_Requirement_
When you reach the line that contains "line L36 (5.5, 8.2) -> (5.5, 6.3971)" in the data below, start reproducing lines exactly, and stop after the line that contains "circle A0 centre (0, 0) radius 2.5".

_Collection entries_
============================================================

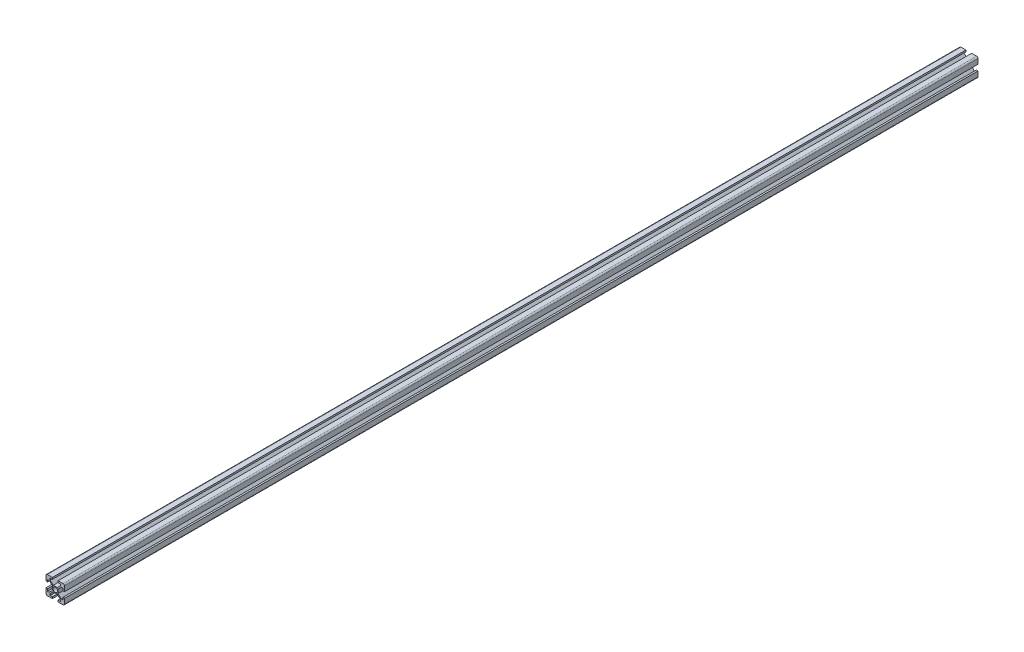
SolidWorks part; units mm, degrees
ref_plane "前视基准面" through (0, 0, 0) normal (0, 0, 1) x (1, 0, 0)
ref_plane "上视基准面" through (0, 0, 0) normal (0, 1, 0) x (1, 0, 0)
ref_plane "右视基准面" through (0, 0, 0) normal (1, 0, 0) x (0, 0, -1)
sketch "草图1" plane through (0, 0, 0) normal (0, 0, 1) x (1, 0, 0)
  line L0 (-10, -3.1) -> (-8.2, -3.1)
  line L1 (-8.5, 10) -> (8.5, 10)
  line L2 (-10, 8.5) -> (-10, -8.5)
  line L3 (-8.5, -10) -> (8.5, -10)
  line L4 (10, 8.5) -> (10, -8.5)
  line L5 (-10, 10) -> (10, -10) construction
  line L6 (-10, -10) -> (10, 10) construction
  line L7 (-3.0541, 3.1) -> (3.0541, 3.1)
  line L8 (-3.0541, 3.1) -> (-3.0541, -3.1)
  line L9 (-3.0541, -3.1) -> (3.0541, -3.1)
  line L10 (3.0541, 3.1) -> (3.0541, -3.1)
  line L11 (-3.0541, 3.1) -> (3.0541, -3.1) construction
  line L12 (-3.0541, -3.1) -> (3.0541, 3.1) construction
  line L13 (-8.2, -3.1) -> (-8.2, -5.5)
  line L14 (-8.2, -5.5) -> (-6.3971, -5.5)
  line L15 (-6.3971, -5.5) -> (-3.0541, -2.1571)
  line L16 (-5.5, 6.3971) -> (-2.1571, 3.0541)
  line L17 (-5.5, 8.2) -> (-5.5, 6.3971)
  line L18 (-3.1, 8.2) -> (-5.5, 8.2)
  line L19 (-3.1, 10) -> (-3.1, 8.2)
  line L20 (6.3971, 5.5) -> (3.0541, 2.1571)
  line L21 (8.2, 5.5) -> (6.3971, 5.5)
  line L22 (8.2, 3.1) -> (8.2, 5.5)
  line L23 (10, 3.1) -> (8.2, 3.1)
  line L24 (5.5, -6.3971) -> (2.1571, -3.0541)
  line L25 (5.5, -8.2) -> (5.5, -6.3971)
  line L26 (3.1, -8.2) -> (5.5, -8.2)
  line L27 (3.1, -10) -> (3.1, -8.2)
  line L28 (-3.1, -10) -> (-3.1, -8.2)
  line L29 (-3.1, -8.2) -> (-5.5, -8.2)
  line L30 (-5.5, -8.2) -> (-5.5, -6.3971)
  line L31 (-5.5, -6.3971) -> (-2.1571, -3.0541)
  line L32 (-8.2, 5.5) -> (-6.3971, 5.5)
  line L33 (-6.3971, 5.5) -> (-3.0541, 2.1571)
  line L34 (-8.2, 3.1) -> (-8.2, 5.5)
  line L35 (-10, 3.1) -> (-8.2, 3.1)
  line L36 (5.5, 8.2) -> (5.5, 6.3971)
  line L37 (5.5, 6.3971) -> (2.1571, 3.0541)
  line L38 (3.1, 8.2) -> (5.5, 8.2)
  line L39 (3.1, 10) -> (3.1, 8.2)
  line L40 (8.2, -5.5) -> (6.3971, -5.5)
  line L41 (6.3971, -5.5) -> (3.0541, -2.1571)
  line L42 (8.2, -3.1) -> (8.2, -5.5)
  line L43 (10, -3.1) -> (8.2, -3.1)
  circle A0 centre (0, 0) radius 2.5
  arc A1 (-10, 8.5) -> (-8.5, 10) centre (-8.5, 8.5) cw
  arc A2 (-10, -8.5) -> (-8.5, -10) centre (-8.5, -8.5) ccw
  arc A3 (8.5, 10) -> (10, 8.5) centre (8.5, 8.5) cw
  arc A4 (10, -8.5) -> (8.5, -10) centre (8.5, -8.5) cw
  point P0 (0, 0)
  point P20 (0, 0)
  point P26 (0, 0)
  point P32 (0, 0)
  point P38 (0, 0)
  point P60 (0, 0)
  dimension "D1" = 4
  dimension "D3" = 1.5
  dimension "D4" = 1.5
  dimension "D5" = 1.5
  dimension "D2" = 4
extrude "凸台-拉伸1" add sketch "草图1" along normal blind 990
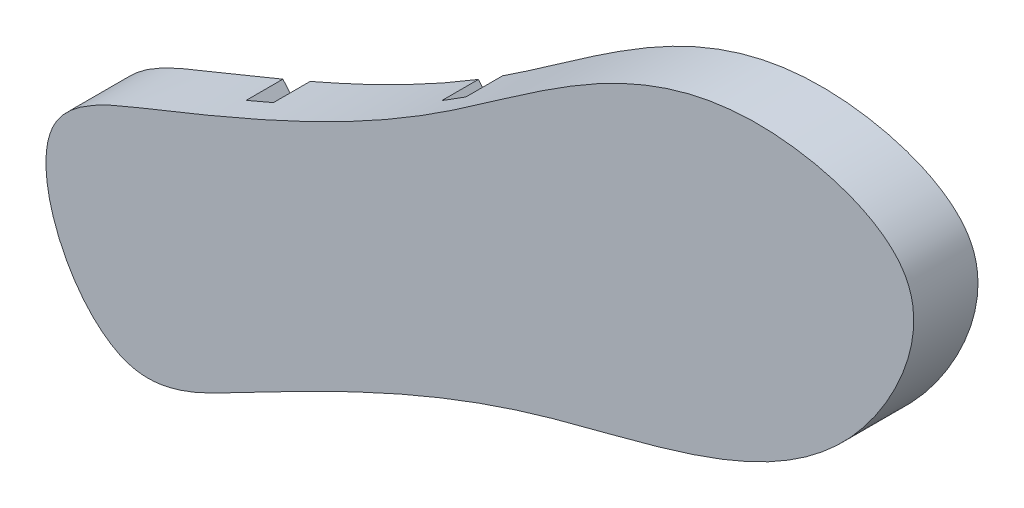
SolidWorks part; units mm, degrees
material "Caucho"
ref_plane "Alzado" through (0, 0, 0) normal (0, 0, 1) x (1, 0, 0)
ref_plane "Planta" through (0, 0, 0) normal (0, 1, 0) x (1, 0, 0)
ref_plane "Vista lateral" through (0, 0, 0) normal (1, 0, 0) x (0, 0, -1)
ref_plane "Plano_goma" through (0, 0, 12.5) normal (0, 0, 1) x (1, 0, 0)
sketch "Sk_Goma" plane through (0, 0, 0) normal (0, 0, 1) x (1, 0, 0)
  spline S0 degree 3 poles (434.3863, 332.3422) (428.9443, 344.1331) (441.1466, 348.8882) (453.6205, 354.2888) (465.9627, 365.6031) (480.5578, 360.8034) (474.7412, 346.583) (458.1239, 344.5314) (445.9213, 338.5429) (434.3863, 332.3422) (428.9443, 344.1331) (441.1466, 348.8882) knots -0.299528 -0.141321 -0.087871 0 0.05345 0.211657 0.387435 0.456064 0.524694 0.700472 0.858679 0.912129 1 1.05345 1.211657 1.387435 only from (431.735, 343.7767) to (431.735, 343.7767)
extrude "Goma" add sketch "Sk_Goma" along normal blind 3.5 from offset 12.5
sketch "Sk_Ranuras_agua" plane through (0, 0, 12.5) normal (0, 0, 1) x (1, 0, 0)
  line L0 (439.9765, 349.7832) -> (441.4292, 350.4537)
  line L1 (441.4292, 350.4537) -> (450.9278, 339.4185)
  line L2 (450.9278, 339.4185) -> (449.4751, 338.748)
  line L3 (449.4751, 338.748) -> (439.9765, 349.7832)
  line L4 (450.872, 354.8119) -> (452.3247, 355.4824)
  line L5 (452.3247, 355.4824) -> (461.8234, 344.4472)
  line L6 (461.8234, 344.4472) -> (460.3706, 343.7767)
  line L7 (460.3706, 343.7767) -> (450.872, 354.8119)
  line L8 (461.7675, 359.8406) -> (463.2202, 360.5111)
  line L9 (463.2202, 360.5111) -> (472.7189, 349.4759)
  line L10 (472.7189, 349.4759) -> (471.2661, 348.8054)
  line L11 (471.2661, 348.8054) -> (461.7675, 359.8406)
extrude "Ranuras_agua" cut sketch "Sk_Ranuras_agua" along normal blind 2
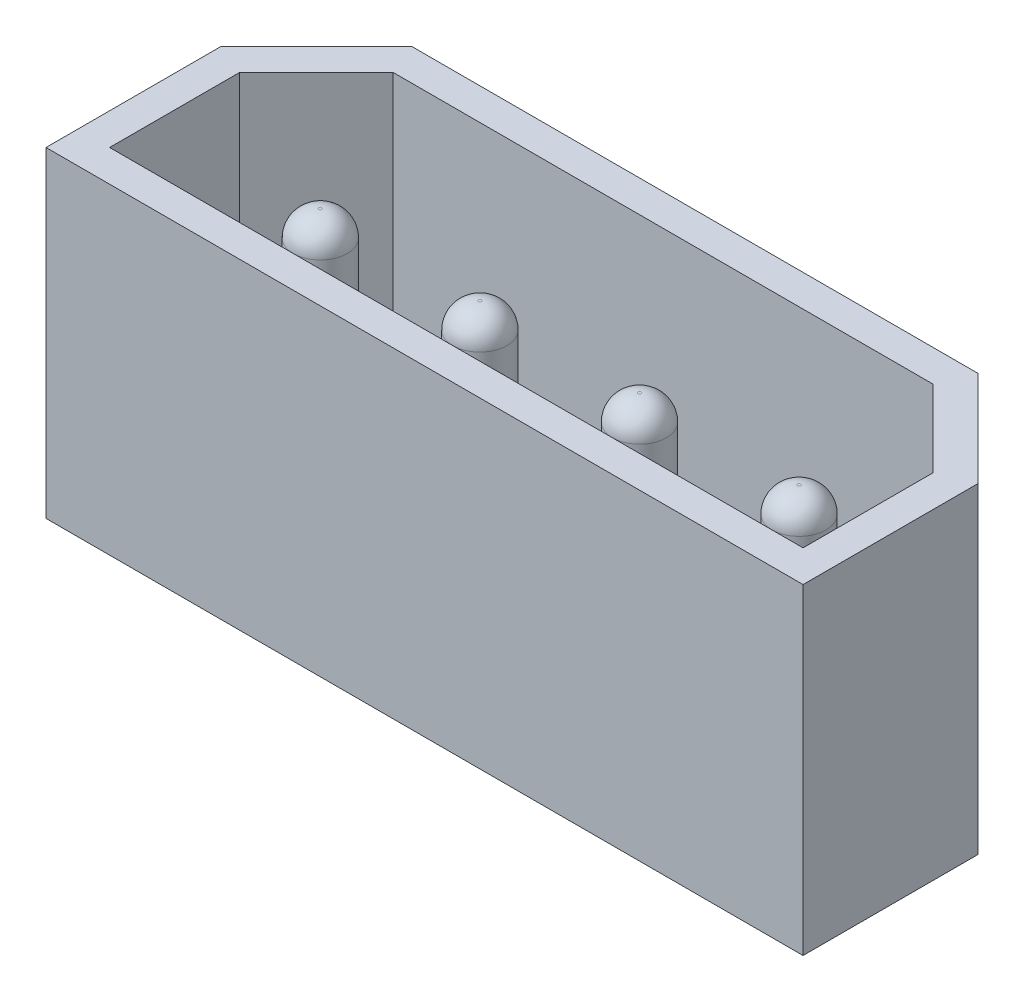
SolidWorks part; units mm, degrees
ref_plane "Front Plane" through (0, 0, 0) normal (0, 0, 1) x (1, 0, 0)
ref_plane "Top Plane" through (0, 0, 0) normal (0, 1, 0) x (1, 0, 0)
ref_plane "Right Plane" through (0, 0, 0) normal (1, 0, 0) x (0, 0, -1)
sketch "Sketch2" plane through (0, 0, 0) normal (0, 1, 0) x (1, 0, 0)
  line L0 (0, 30.3196) -> (0, -26.4148) construction
  line L1 (-29.4008, 0) -> (31.4681, 0) construction
  line L2 (-11.9, 1.25) -> (-8.9, 4.25)
  line L3 (-8.9, 4.25) -> (8.9, 4.25)
  line L4 (-11.9, 1.25) -> (-11.9, -4.25)
  line L5 (-11.9, -4.25) -> (11.9, -4.25)
  line L6 (11.9, 1.25) -> (11.9, -4.25)
  line L7 (-11.9, 4.25) -> (11.9, -4.25) construction
  line L8 (-11.9, -4.25) -> (11.9, 4.25) construction
  line L9 (8.9, 4.25) -> (11.9, 1.25)
  line L10 (-10.9, 0.8358) -> (-10.9, -3.25) construction
  line L11 (-10.9, -3.25) -> (10.9, -3.25) construction
  line L12 (10.9, 0.8358) -> (10.9, -3.25) construction
  line L13 (8.4858, 3.25) -> (10.9, 0.8358) construction
  line L14 (-8.4858, 3.25) -> (8.4858, 3.25) construction
  line L15 (-10.9, 0.8358) -> (-8.4858, 3.25) construction
  point P5 (0, 0)
  dimension "D1" = 23.8
  dimension "D2" = 8.5
  dimension "D3" = 1
extrude "Boss-Extrude1" add sketch "Sketch2" along normal blind 10.1
shell "Shell1" thickness 1
sketch "Sketch3" plane through (0, 1, 0) normal (0, 1, 0) x (1, 0, 0)
  line L0 (0, 6.137) -> (0, -5.9677) construction
  line L1 (-12.6125, 0) -> (14.6229, 0) construction
  line L2 (-8.375, 0) -> (-8.375, -2.1968) construction
  line L3 (8.375, 0) -> (8.375, -2.1968) construction
  circle A0 centre (-7.525, 0) radius 0.85
  circle A1 centre (-2.5088, 0) radius 0.85
  circle A2 centre (7.525, 0) radius 0.85
  circle A3 centre (2.5088, 0) radius 0.85
  point P17 (0, 0)
  dimension "D1" = 1.7
  dimension "D3" = 16.75
  dimension "D4" = 5.0175
  dimension "D2" = 2
extrude "Boss-Extrude2" add sketch "Sketch3" along normal blind 7.5 and the other way blind 4
fillet "Fillet2" radius 0.8 8 edges at (7.525, 8.5, -0.85) (2.5088, 8.5, -0.85) (-2.5088, 8.5, 0.85) (-7.525, 8.5, 0.85) (-7.525, -3, 0.85) (-2.5088, -3, 0.85) (2.5088, -3, -0.85) (7.525, -3, -0.85)
sketch "Sketch4" plane through (0, 0, 0) normal (0, -1, 0) x (1, 0, 0)
  line L0 (8.9, -4.25) -> (-8.9, -4.25) construction
  line L1 (-12.1681, -1.85) -> (14.4536, -1.85)
  line L2 (-12.1681, -1.85) -> (-12.1681, -3.45)
  line L3 (-12.1681, -3.45) -> (14.4536, -3.45)
  line L4 (14.4536, -1.85) -> (14.4536, -3.45)
  dimension "D1" = 1.6
  dimension "D2" = 0.8
extrude "Cut-Extrude1" cut sketch "Sketch4" against normal blind 0.8
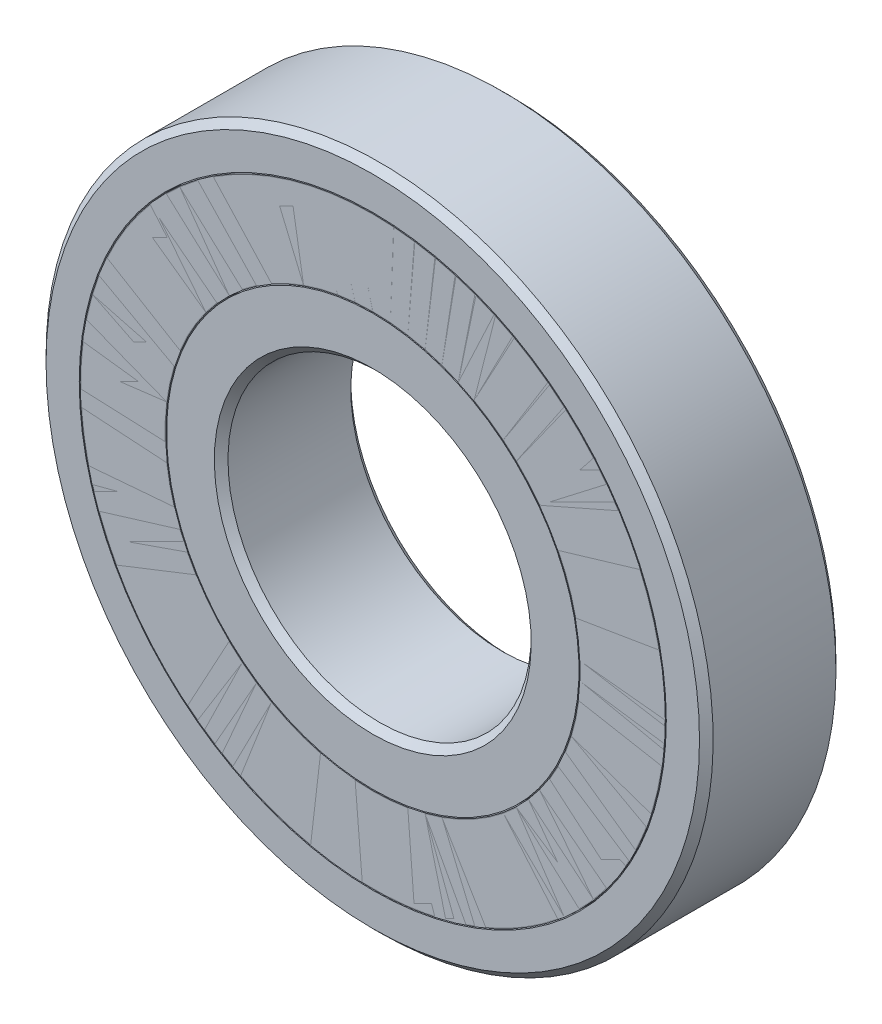
SolidWorks part; units mm, degrees
ref_plane "Front Plane" through (0, 0, 0) normal (0, 0, 1) x (1, 0, 0)
ref_plane "Top Plane" through (0, 0, 0) normal (0, 1, 0) x (1, 0, 0)
ref_plane "Right Plane" through (0, 0, 0) normal (1, 0, 0) x (0, 0, -1)
sketch "Sketch1" plane through (0, 0, 0) normal (0, 0, 1) x (1, 0, 0)
  line L0 (-17.4625, 0) -> (17.4625, 0) construction
  line L1 (-7.9375, 0) -> (7.9375, 0) construction
  circle A0 centre (0, 0) radius 7.9375 construction
  circle A1 centre (0, 0) radius 17.4625 construction
  point P3 (0, 0)
  point P6 (0, 0)
  point P7 (0, -7.9375)
  point P11 (0, -17.4625)
  point P12 (0, 7.9375)
  point P13 (0, 17.4625)
  dimension "OD" = 34.925
  dimension "ID" = 15.875
sketch "Sketch2" plane through (0, 0, 0) normal (1, 0, 0) x (0, 0, -1)
  line L0 (-3.5719, 17.4625) -> (3.5719, 17.4625) construction
  line L1 (0, 17.4625) -> (0, -17.4625) construction
  line L2 (3.2147, 17.4625) -> (-3.2147, 17.4625)
  line L3 (-3.2147, 17.4625) -> (-3.5719, 17.1053)
  line L4 (-3.5719, 17.1053) -> (-3.5719, 15.367)
  line L5 (-3.5719, 15.367) -> (-1.5875, 15.367)
  line L6 (3.5719, 15.367) -> (1.5875, 15.367)
  line L7 (3.5719, 17.1053) -> (3.5719, 15.367)
  line L8 (3.2147, 17.4625) -> (3.5719, 17.1053)
  line L9 (0, 17.4625) -> (0, 12.7) construction
  line L10 (0, 12.7) -> (0, 7.9375) construction
  line L11 (0, 17.4625) -> (0, -17.4625) construction
  line L12 (-3.5719, 0) -> (3.5719, 0) construction
  line L13 (3.5719, 7.9375) -> (-3.5719, 7.9375) construction
  line L15 (-3.5719, -7.9375) -> (3.5719, -7.9375) construction
  line L16 (-3.5719, 7.9375) -> (-3.5719, -7.9375) construction
  line L17 (3.5719, 17.4625) -> (3.5719, -17.4625) construction
  arc A0 (-1.5875, 15.367) -> (1.5875, 15.367) centre (0, 12.7) cw
  point P14 (0, 7.9375)
  point P17 (0, 0)
  point P21 (0, 17.4625)
  point P29 (0, 7.9375)
  point P30 (0, -7.9375)
  point P34 (-3.5719, 7.9375)
  point P37 (3.5719, 17.4625)
  dimension "Width" = 7.1437
  dimension "D1" = 45
  dimension "Approx. Chamfer" = 0.3572
  dimension "Approx. Ball Seat" = 3.175
  dimension "For Shaft Diameter" = 15.875
  dimension "For Housing ID" = 34.925
  dimension "D2" = 2.0955
sketch "Sketch3" plane through (0, 0, 0) normal (1, 0, 0) x (0, 0, -1)
  line L0 (3.2147, 17.4625) -> (3.5719, 17.1053) construction
  line L1 (3.5719, 17.1053) -> (3.5719, 15.367) construction
  line L2 (3.5719, 15.367) -> (1.5875, 15.367) construction
  line L3 (-3.5719, 15.367) -> (-1.5875, 15.367) construction
  line L4 (-3.5719, 17.1053) -> (-3.5719, 15.367) construction
  line L5 (-3.2147, 17.4625) -> (-3.5719, 17.1053) construction
  line L6 (3.2147, 17.4625) -> (-3.2147, 17.4625) construction
  line L7 (3.2147, 17.4625) -> (3.5719, 17.1053)
  line L8 (3.5719, 17.1053) -> (3.5719, 15.367)
  line L9 (3.5719, 15.367) -> (1.5875, 15.367)
  line L10 (-3.5719, 15.367) -> (-1.5875, 15.367)
  line L11 (-3.5719, 17.1053) -> (-3.5719, 15.367)
  line L12 (-3.2147, 17.4625) -> (-3.5719, 17.1053)
  line L13 (3.2147, 17.4625) -> (-3.2147, 17.4625)
  arc A0 (1.5875, 15.367) -> (-1.5875, 15.367) centre (0, 12.7) ccw construction
  arc A1 (1.5875, 15.367) -> (-1.5875, 15.367) centre (0, 12.7) ccw
revolve "Revolve1" add sketch "Sketch3" angle 360 about L12
sketch "Sketch4" plane through (0, 0, 0) normal (1, 0, 0) x (0, 0, -1)
  line L1 (-3.5719, 17.1053) -> (-3.5719, -17.1053) construction
  line L2 (-3.2147, 7.9375) -> (-3.5719, 8.2947)
  line L3 (-3.5719, 8.2947) -> (-3.5719, 10.795)
  line L4 (-3.5719, 10.795) -> (-1.5875, 10.795)
  line L5 (3.5719, 8.2947) -> (3.5719, 10.795)
  line L6 (-3.2147, 7.9375) -> (3.2147, 7.9375)
  line L7 (3.5719, 17.4625) -> (3.5719, -17.4625) construction
  line L8 (3.2147, 7.9375) -> (3.5719, 8.2947)
  line L9 (3.5719, 10.795) -> (1.5875, 10.795)
  line L13 (3.2147, 17.4625) -> (3.5719, 17.1053) construction
  line L16 (3.2147, 17.4625) -> (3.2147, -17.4625) construction
  arc A1 (-1.5875, 10.795) -> (1.5875, 10.795) centre (0, 13.462) ccw
  arc A2 (1.5875, 15.367) -> (-1.5875, 15.367) centre (0, 12.7) ccw construction
  point P1 (0, 7.9375)
  dimension "D1" = 45
  dimension "D2" = 2.8575
revolve "Revolve2" add sketch "Sketch4" angle 360 about L12
sketch "Sketch7" plane through (0, 12.7, -3.5719) normal (0, 0, -1) x (-1, 0, 0)
  circle A2 centre (0, -12.7) radius 10.8458
  circle A4 centre (0, -12.7) radius 10.8458
  circle A5 centre (0, -12.7) radius 15.3162
  circle A6 centre (0, -12.7) radius 15.3162
  dimension "D1" = 0.0508
  dimension "D2" = 0.0508
extrude "Boss-Extrude2" add sketch "Sketch7" against normal up to surface (7.1437 mm away) separate body up to face at (0, -15.367, 3.5719)
fillet "Fillet1" radius 0.0318 2 edges at (0, 10.8458, 3.5719) (0, 15.3162, 3.5719)
mirror "Mirror1" about plane through (0, 0, 0) normal (0, 0, 1) of bodies 145
equation "\"Approx. Chamfer@Sketch2\" = \"Width@Sketch2\" * .05"
equation "\"Approx. Ball Seat@Sketch2\" = \"Width@Sketch2\" / 2.25"
equation "\"D2@Sketch2\"=(\"For Housing ID@Sketch2\"-\"For Shaft Diameter@Sketch2\")*.11"
equation "\"D2@Sketch4\"=(\"For Housing ID@Sketch2\"-\"For Shaft Diameter@Sketch2\")*.15"

============================================================

_Written response_
  line L36 (5.5, 8.2) -> (5.5, 6.3971)
  line L37 (5.5, 6.3971) -> (2.1571, 3.0541)
  line L38 (3.1, 8.2) -> (5.5, 8.2)
  line L39 (3.1, 10) -> (3.1, 8.2)
  line L40 (8.2, -5.5) -> (6.3971, -5.5)
  line L41 (6.3971, -5.5) -> (3.0541, -2.1571)
  line L42 (8.2, -3.1) -> (8.2, -5.5)
  line L43 (10, -3.1) -> (8.2, -3.1)
  circle A0 centre (0, 0) radius 2.5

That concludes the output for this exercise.